▶ WORK TO COMPLETE
Only one portion of the data is to be written out: from the line bearing "Constant25 : Constant" through the line bearing "Demux1 : Demux". Write it exactly as it appears.

Recorded data
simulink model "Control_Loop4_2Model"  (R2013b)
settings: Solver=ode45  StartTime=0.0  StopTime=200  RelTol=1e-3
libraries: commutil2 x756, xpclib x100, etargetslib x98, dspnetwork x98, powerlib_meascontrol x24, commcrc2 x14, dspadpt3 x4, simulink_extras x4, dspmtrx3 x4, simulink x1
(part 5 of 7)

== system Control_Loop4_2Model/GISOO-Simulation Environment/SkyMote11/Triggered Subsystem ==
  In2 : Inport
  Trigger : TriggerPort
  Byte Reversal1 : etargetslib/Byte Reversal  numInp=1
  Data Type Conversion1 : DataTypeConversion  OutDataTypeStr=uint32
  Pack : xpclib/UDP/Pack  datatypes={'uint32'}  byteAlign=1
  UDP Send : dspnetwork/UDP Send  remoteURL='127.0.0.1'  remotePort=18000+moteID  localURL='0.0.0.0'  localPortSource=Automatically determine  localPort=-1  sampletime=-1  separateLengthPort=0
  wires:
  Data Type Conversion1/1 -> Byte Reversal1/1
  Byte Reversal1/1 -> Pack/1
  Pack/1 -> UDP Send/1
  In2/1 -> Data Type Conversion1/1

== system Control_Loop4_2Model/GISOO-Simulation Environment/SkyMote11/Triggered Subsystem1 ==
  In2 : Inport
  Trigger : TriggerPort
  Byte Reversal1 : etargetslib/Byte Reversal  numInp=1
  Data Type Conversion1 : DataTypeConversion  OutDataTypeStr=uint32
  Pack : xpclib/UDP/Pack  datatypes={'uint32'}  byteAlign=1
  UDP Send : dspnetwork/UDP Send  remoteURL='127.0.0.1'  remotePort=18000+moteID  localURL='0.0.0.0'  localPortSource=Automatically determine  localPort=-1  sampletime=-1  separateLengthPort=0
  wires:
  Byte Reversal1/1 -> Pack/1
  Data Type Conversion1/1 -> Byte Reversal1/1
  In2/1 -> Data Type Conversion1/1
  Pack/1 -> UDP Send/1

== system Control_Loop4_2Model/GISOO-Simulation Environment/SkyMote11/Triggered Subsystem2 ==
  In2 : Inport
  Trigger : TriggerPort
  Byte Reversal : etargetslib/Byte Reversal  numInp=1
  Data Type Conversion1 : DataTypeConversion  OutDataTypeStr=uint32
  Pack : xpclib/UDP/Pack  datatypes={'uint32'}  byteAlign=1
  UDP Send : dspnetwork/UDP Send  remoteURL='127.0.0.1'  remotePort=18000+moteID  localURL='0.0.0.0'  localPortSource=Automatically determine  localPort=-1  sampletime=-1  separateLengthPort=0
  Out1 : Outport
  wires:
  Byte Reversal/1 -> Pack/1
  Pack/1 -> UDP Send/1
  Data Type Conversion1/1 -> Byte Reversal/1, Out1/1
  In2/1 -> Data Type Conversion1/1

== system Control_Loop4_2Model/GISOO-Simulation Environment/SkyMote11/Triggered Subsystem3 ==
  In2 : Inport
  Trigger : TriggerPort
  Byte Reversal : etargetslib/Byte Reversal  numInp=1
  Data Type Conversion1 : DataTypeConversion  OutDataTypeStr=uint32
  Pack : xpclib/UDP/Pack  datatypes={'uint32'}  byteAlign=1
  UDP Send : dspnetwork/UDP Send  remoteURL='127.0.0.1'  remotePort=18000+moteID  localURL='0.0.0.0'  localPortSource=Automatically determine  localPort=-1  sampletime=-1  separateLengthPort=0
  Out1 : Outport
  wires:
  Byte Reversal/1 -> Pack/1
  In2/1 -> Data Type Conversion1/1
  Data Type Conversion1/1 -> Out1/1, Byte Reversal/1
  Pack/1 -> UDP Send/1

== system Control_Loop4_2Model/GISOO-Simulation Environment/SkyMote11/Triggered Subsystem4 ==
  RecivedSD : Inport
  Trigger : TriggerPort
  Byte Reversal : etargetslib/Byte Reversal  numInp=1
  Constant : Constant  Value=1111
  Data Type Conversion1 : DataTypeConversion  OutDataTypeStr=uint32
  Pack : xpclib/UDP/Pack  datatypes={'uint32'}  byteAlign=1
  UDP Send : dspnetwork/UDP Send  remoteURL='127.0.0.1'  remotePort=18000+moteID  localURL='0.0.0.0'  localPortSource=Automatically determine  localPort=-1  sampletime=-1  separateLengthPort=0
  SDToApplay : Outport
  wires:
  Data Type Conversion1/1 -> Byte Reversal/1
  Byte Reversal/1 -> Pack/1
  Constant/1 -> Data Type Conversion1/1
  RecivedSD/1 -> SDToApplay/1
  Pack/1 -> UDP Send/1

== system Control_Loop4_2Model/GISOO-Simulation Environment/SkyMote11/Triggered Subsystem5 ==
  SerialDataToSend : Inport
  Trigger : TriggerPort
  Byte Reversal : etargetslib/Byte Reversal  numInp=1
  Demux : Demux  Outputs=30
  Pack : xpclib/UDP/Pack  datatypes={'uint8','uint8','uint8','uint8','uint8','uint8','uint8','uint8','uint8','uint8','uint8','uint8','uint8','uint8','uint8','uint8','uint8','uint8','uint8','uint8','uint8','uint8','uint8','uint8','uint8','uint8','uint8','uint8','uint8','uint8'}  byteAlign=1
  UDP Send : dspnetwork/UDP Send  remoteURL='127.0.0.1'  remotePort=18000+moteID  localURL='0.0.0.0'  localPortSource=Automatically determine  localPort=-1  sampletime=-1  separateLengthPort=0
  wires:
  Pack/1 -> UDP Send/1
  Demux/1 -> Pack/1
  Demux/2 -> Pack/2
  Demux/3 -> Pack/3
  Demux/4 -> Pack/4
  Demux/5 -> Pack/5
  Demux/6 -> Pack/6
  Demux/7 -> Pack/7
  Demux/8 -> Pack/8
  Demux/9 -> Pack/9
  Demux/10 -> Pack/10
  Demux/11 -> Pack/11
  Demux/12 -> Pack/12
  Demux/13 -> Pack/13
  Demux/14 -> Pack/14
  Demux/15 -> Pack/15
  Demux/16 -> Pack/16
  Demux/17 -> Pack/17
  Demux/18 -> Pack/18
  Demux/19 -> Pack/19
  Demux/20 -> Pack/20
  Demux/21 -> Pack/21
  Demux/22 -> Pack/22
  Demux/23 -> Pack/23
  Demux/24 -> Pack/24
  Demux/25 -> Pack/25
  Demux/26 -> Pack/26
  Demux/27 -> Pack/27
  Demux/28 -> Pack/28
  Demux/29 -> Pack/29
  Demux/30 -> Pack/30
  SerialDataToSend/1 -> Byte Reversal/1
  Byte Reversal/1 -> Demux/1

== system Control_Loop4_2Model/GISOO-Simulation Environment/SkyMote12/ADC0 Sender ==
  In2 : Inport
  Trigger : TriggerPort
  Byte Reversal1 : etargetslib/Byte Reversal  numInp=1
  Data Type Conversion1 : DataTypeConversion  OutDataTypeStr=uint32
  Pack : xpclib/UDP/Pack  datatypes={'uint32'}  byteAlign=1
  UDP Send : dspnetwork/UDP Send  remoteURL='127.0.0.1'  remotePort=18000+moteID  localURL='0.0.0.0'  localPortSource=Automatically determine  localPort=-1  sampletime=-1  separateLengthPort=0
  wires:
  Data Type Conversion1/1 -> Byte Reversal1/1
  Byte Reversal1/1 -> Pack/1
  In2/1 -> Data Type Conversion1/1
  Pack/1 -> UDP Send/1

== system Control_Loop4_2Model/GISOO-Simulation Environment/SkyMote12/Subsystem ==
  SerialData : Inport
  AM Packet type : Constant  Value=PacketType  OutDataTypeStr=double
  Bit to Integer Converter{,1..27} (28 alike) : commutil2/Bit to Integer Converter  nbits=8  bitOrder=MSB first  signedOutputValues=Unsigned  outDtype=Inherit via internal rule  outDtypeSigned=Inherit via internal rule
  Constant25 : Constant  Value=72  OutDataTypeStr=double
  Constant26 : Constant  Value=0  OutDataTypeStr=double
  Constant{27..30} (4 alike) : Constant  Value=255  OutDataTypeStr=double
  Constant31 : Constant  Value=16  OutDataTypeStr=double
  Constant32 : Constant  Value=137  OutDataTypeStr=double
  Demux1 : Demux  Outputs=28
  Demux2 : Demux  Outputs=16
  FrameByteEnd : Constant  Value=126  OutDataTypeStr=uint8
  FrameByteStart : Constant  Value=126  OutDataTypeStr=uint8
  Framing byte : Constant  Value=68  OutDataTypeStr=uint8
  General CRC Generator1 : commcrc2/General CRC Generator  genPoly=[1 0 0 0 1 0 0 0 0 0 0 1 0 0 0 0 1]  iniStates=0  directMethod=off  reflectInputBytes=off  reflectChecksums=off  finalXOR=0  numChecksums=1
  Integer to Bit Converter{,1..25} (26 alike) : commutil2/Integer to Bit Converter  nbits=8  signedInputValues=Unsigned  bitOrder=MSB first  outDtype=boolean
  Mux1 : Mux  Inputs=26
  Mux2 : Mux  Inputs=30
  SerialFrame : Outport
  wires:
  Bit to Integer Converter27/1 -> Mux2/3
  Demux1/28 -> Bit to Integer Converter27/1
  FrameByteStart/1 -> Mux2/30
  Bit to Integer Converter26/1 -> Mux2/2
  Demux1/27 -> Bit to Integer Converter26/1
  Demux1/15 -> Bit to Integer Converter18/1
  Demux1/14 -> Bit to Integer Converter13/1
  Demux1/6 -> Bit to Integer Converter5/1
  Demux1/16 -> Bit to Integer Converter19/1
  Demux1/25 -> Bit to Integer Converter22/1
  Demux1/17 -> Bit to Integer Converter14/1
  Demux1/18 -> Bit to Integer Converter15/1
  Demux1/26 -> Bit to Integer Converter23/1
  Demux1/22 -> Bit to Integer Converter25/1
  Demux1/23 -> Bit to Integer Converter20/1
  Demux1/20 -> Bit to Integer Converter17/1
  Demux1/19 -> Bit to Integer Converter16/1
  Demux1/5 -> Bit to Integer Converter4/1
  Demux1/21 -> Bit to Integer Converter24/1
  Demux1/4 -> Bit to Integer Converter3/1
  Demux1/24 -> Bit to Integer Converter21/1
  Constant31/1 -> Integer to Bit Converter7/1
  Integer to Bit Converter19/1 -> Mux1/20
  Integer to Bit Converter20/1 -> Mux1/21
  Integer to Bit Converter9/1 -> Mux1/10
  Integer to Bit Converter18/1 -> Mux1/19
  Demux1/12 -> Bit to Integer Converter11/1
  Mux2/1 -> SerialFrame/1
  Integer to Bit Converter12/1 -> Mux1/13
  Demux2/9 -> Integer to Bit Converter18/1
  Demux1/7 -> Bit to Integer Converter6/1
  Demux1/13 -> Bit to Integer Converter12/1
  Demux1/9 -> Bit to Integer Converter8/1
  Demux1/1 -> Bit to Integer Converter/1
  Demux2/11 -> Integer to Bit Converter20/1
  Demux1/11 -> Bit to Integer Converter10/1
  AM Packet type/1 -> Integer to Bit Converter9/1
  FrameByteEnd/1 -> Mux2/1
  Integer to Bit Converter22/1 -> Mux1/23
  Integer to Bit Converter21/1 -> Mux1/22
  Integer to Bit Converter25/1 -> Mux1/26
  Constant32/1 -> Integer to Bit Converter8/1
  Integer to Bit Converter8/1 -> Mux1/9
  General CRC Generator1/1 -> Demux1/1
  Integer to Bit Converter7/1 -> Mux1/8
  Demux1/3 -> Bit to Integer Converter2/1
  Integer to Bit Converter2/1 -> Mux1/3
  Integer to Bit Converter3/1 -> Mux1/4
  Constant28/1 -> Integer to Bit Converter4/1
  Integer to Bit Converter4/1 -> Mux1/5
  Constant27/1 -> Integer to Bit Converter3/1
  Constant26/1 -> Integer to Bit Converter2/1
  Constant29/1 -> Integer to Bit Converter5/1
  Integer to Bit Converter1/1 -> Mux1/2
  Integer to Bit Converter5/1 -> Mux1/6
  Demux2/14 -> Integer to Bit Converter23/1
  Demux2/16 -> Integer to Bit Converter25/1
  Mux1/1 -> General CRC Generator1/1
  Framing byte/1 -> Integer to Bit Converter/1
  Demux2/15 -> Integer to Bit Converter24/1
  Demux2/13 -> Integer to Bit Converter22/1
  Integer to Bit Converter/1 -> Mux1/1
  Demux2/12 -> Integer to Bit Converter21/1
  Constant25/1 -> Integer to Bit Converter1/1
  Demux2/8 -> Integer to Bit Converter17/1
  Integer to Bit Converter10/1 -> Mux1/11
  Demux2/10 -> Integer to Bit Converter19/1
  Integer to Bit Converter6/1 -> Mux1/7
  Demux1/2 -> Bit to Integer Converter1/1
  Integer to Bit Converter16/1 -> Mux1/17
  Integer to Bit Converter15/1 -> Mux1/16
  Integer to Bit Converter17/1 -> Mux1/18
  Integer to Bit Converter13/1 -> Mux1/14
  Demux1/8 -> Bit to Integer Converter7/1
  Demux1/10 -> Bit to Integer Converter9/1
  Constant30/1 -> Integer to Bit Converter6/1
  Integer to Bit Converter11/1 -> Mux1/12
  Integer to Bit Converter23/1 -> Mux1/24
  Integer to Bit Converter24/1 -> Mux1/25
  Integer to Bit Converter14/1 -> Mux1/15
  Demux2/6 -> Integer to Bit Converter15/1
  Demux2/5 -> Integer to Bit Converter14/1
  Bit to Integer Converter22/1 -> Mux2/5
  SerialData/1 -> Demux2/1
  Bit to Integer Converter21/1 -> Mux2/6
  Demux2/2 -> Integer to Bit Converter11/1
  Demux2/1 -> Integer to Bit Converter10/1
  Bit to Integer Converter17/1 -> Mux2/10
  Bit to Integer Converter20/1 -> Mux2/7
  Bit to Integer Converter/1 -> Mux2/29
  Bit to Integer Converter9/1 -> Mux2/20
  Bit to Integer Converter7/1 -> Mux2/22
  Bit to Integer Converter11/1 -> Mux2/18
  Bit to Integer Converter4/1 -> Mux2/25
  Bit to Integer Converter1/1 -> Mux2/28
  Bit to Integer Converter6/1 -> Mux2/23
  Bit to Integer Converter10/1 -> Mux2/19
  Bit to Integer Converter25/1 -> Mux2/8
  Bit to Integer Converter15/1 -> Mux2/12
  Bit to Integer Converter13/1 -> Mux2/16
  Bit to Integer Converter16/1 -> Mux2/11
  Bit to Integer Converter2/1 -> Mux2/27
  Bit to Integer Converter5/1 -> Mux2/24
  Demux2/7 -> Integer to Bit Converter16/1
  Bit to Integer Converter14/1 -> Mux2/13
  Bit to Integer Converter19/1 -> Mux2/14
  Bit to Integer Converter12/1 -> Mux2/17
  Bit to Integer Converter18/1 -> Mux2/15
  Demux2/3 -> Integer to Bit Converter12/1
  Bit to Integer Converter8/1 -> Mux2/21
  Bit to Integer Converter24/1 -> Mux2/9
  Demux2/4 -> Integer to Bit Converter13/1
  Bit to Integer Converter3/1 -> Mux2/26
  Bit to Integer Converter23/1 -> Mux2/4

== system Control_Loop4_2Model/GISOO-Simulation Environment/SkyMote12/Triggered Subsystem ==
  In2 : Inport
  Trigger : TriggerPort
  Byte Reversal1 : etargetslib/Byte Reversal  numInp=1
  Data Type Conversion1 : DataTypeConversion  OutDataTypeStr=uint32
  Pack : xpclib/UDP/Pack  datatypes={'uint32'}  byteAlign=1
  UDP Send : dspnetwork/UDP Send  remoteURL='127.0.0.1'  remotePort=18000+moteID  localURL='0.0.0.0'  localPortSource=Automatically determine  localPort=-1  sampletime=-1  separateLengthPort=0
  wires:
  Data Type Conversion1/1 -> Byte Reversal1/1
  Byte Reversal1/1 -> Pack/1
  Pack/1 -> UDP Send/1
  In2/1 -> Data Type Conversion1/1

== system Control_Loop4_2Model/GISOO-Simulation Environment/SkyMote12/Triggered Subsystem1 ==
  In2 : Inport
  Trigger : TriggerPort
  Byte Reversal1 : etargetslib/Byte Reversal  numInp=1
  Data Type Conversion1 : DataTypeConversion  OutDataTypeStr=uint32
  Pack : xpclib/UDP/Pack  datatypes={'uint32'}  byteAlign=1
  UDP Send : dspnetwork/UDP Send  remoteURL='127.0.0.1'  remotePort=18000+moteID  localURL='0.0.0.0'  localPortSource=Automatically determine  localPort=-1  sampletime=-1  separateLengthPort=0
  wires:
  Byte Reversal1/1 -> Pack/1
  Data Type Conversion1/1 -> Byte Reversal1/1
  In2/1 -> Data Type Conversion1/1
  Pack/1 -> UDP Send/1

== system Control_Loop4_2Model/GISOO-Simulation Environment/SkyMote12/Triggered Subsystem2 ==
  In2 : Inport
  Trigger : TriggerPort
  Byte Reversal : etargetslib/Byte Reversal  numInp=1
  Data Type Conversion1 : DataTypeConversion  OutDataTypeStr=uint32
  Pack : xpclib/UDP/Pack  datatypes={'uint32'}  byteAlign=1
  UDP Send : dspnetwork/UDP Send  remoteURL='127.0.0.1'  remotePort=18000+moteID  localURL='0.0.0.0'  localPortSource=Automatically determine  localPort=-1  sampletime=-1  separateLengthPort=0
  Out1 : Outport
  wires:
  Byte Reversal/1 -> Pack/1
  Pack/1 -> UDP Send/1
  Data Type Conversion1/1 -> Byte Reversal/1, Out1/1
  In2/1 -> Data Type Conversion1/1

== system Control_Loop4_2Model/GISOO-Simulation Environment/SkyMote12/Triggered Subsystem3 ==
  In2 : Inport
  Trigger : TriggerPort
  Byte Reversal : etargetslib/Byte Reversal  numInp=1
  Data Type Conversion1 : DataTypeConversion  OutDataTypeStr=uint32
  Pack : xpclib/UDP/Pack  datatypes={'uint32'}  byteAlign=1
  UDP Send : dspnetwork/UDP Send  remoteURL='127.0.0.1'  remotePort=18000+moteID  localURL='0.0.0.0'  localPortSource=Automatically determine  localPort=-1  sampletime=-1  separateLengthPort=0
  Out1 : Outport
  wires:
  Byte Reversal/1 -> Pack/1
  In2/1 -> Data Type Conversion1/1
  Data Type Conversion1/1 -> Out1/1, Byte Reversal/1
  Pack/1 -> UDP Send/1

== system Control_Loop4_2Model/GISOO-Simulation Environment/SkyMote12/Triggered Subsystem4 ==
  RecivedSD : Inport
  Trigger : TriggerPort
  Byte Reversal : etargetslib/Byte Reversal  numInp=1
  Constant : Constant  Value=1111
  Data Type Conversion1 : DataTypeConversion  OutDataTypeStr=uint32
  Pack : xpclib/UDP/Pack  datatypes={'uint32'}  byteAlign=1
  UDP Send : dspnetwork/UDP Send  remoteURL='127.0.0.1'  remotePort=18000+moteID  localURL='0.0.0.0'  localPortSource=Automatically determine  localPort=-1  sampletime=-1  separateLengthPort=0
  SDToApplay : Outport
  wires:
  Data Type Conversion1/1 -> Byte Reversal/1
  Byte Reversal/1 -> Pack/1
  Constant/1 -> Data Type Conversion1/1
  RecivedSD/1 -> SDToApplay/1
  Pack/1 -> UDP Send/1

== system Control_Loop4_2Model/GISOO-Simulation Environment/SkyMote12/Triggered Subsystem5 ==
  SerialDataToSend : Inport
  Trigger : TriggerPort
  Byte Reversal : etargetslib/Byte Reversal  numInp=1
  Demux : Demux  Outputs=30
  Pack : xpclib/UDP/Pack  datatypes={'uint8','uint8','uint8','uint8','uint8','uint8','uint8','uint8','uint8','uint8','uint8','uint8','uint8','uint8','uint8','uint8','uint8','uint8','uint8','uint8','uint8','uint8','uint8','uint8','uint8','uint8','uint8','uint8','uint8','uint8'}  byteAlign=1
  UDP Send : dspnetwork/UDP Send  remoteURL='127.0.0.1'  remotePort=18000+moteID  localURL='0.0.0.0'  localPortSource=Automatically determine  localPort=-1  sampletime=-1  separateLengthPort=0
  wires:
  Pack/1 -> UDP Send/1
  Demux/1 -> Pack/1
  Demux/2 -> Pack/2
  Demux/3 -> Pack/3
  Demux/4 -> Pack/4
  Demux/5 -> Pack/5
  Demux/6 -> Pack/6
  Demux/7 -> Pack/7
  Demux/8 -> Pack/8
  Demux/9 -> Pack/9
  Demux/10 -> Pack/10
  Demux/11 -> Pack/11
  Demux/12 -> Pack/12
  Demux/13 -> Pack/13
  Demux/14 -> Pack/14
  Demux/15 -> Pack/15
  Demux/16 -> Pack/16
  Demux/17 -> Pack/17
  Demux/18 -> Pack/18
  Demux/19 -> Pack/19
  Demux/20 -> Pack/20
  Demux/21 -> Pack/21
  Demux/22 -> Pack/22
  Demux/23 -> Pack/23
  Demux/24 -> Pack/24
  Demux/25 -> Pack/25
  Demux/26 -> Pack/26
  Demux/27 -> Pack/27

▶ EXERCISE OUTPUT
  Constant25 : Constant  Value=72  OutDataTypeStr=double
  Constant26 : Constant  Value=0  OutDataTypeStr=double
  Constant{27..30} (4 alike) : Constant  Value=255  OutDataTypeStr=double
  Constant31 : Constant  Value=16  OutDataTypeStr=double
  Constant32 : Constant  Value=137  OutDataTypeStr=double
  Demux1 : Demux  Outputs=28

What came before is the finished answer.